Hi @voetberg I've found what's wrong. scope
and name
extraction from pfn looks problematic. For this pfn
srm://cmsdcatape.fnal.gov/11/store/data/Run2016F/MuonEG/MINIAOD/HIPM_UL2016_MiniAODv2-v2/280000/B3FF92F9-855D-5144-BA28-3877560A93B2.root
it yields
name: B3FF92F9-855D-5144-BA28-3877560A93B2.root
scope: 11
whereas it should've been
scope = "cms"
name = "/store/data/Run2016F/MuonEG/MINIAOD/HIPM_UL2016_MiniAODv2-v2/280000/B3FF92F9-855D-5144-BA28-3877560A93B2.root
which is computed here: https://github.com/rucio/rucio/blob/cf9c2c7afad37fc5b7bdd782e281918b4230b2f1/lib/rucio/core/replica.py#L275
As far as I'm aware scope
cannot be extracted from PFN in CMS. Once you know the lfn and the rse_id, you can get it from the replicas table. If there are multiple replicas with the same name and rse_id but different scopes, we can default to cms
which is the scope we use for all centrally produced data. Maybe @ericvaandering has a better idea?
Does it sound reasonable? You want me to fix this upstream?
@haozturk The way the code is set up, you may be able to write a plugin that just returns "cms" for the scope for any pfn. Right now it's written so that it uses VO to determine the code to use in the scope from pfn. I think it would be as simple as patching in
class CMSScopeTranslation(RSEDeterministicScopeTranslation):
def __init__(self, vo: str = 'def'):
super().__init__()
self.register("cms", CMSScopeTranslation._cms) # <- Name here corresponds to vo
@static_method
def _cms(pfn:str) -> str:
return "cms"
Thanks @voetberg indeed this would be the most convenient. However, I'm a bit worried for the exceptions where scope isn't cms
. If @ericvaandering has no other suggestion, I can apply it.
Lastly, we need to change the way we extract the name/lfn, but that should be easy.
Igor did something similar here, https://github.com/rucio/rucio/pull/6350 Not sure if it's entirely the same though.

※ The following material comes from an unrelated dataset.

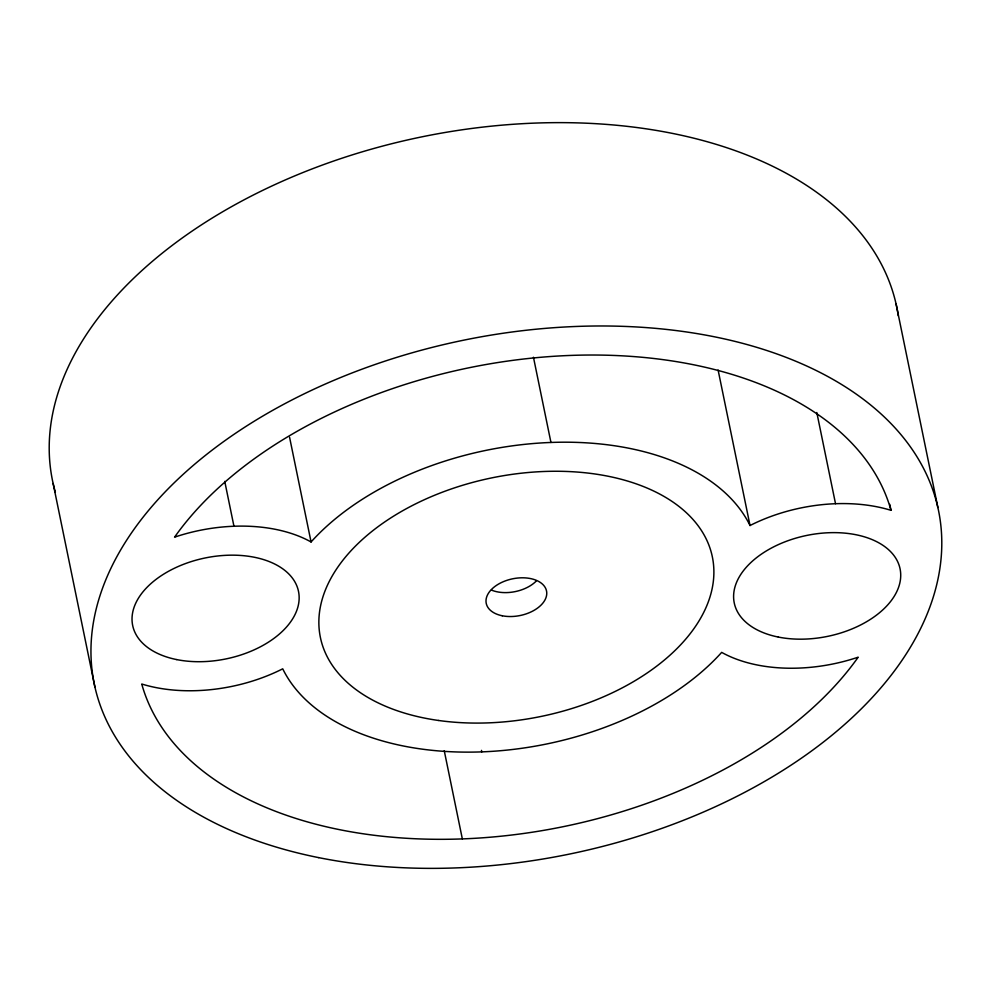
<?xml version="1.0" encoding="UTF-8"?>
<svg xmlns="http://www.w3.org/2000/svg" width="991" height="991" viewBox="0 0 991 991"><rect width="100%" height="100%" fill="white"/><g stroke="black" fill="none" stroke-linecap="round" stroke-linejoin="round"><path stroke-width="1.49" d="M896.124 304.175L937.87 507.503M889.769 504.345L890.996 510.328A130.824 79.639 -11.6 0 0 750.026 525.527A246.251 149.914 -11.6 0 0 550.946 442.457A246.251 149.914 -11.6 0 0 311.063 541.966A130.824 79.639 -11.6 0 0 174.565 537.159A384.768 234.235 -11.6 0 1 570.395 355.435A384.768 234.235 -11.6 0 1 890.996 510.328M816.807 412.516L835.524 503.713M718.103 370.027L750.026 525.527M533.455 357.243L550.946 442.457M481.49 750.385L481.787 751.872A246.251 149.914 -11.6 0 0 721.671 652.375A130.824 79.639 -11.6 0 0 858.181 657.182A384.768 234.235 -11.6 0 1 462.339 838.906A384.768 234.235 -11.6 0 1 141.738 684.013A130.824 79.639 -11.6 0 0 282.72 668.814A246.251 149.914 -11.6 0 0 481.787 751.872M444.241 750.695L462.339 838.906M289.583 437.304L311.063 541.966M224.746 481.391L233.95 526.246M53.13 483.497L94.876 686.825M536.193 581.122A30.783 18.742 -11.6 0 1 491.387 590.054M55.385 492.304A430.949 262.342 -11.6 0 1 419.131 137.415A430.949 262.342 -11.6 0 1 898.292 315.795M438.505 720.469A200.083 121.806 -11.6 0 0 712.504 557.648A200.083 121.806 -11.6 0 0 398.097 513.4A200.083 121.806 -11.6 0 0 438.505 720.469M778.319 637.064A84.644 51.532 -11.6 0 0 900.658 573.182A84.644 51.532 -11.6 0 0 772.497 547.466A84.644 51.532 -11.6 0 0 778.319 637.064M176.745 659.597A84.644 51.532 -11.6 0 0 299.084 595.715A84.644 51.532 -11.6 0 0 170.923 569.998A84.644 51.532 -11.6 0 0 176.745 659.597M502.251 615.77A30.783 18.742 -11.6 0 0 546.735 592.544A30.783 18.742 -11.6 0 0 500.133 583.191A30.783 18.742 -11.6 0 0 502.251 615.77M318.656 857.624A430.949 262.342 -11.6 0 0 941.45 532.39A430.949 262.342 -11.6 0 0 289 401.491A430.949 262.342 -11.6 0 0 318.656 857.624"/></g></svg>

Context: https://indico.cern.ch/event/1356295/ Needed for https://github.com/dmwm/CMSRucio/issues/403
I suggest to put the following patterns to the config in integration and watch how it goes:
Even if we do it in production, it should do nothing but marking some replicas suspicious depending on transfer errors, which has no effect as long as
suspicious-replica-recoveror
daemon is not running. But let's not do anything in production for now, especially before the xmas break @ericvaandering @dynamic-entropy any thoughts?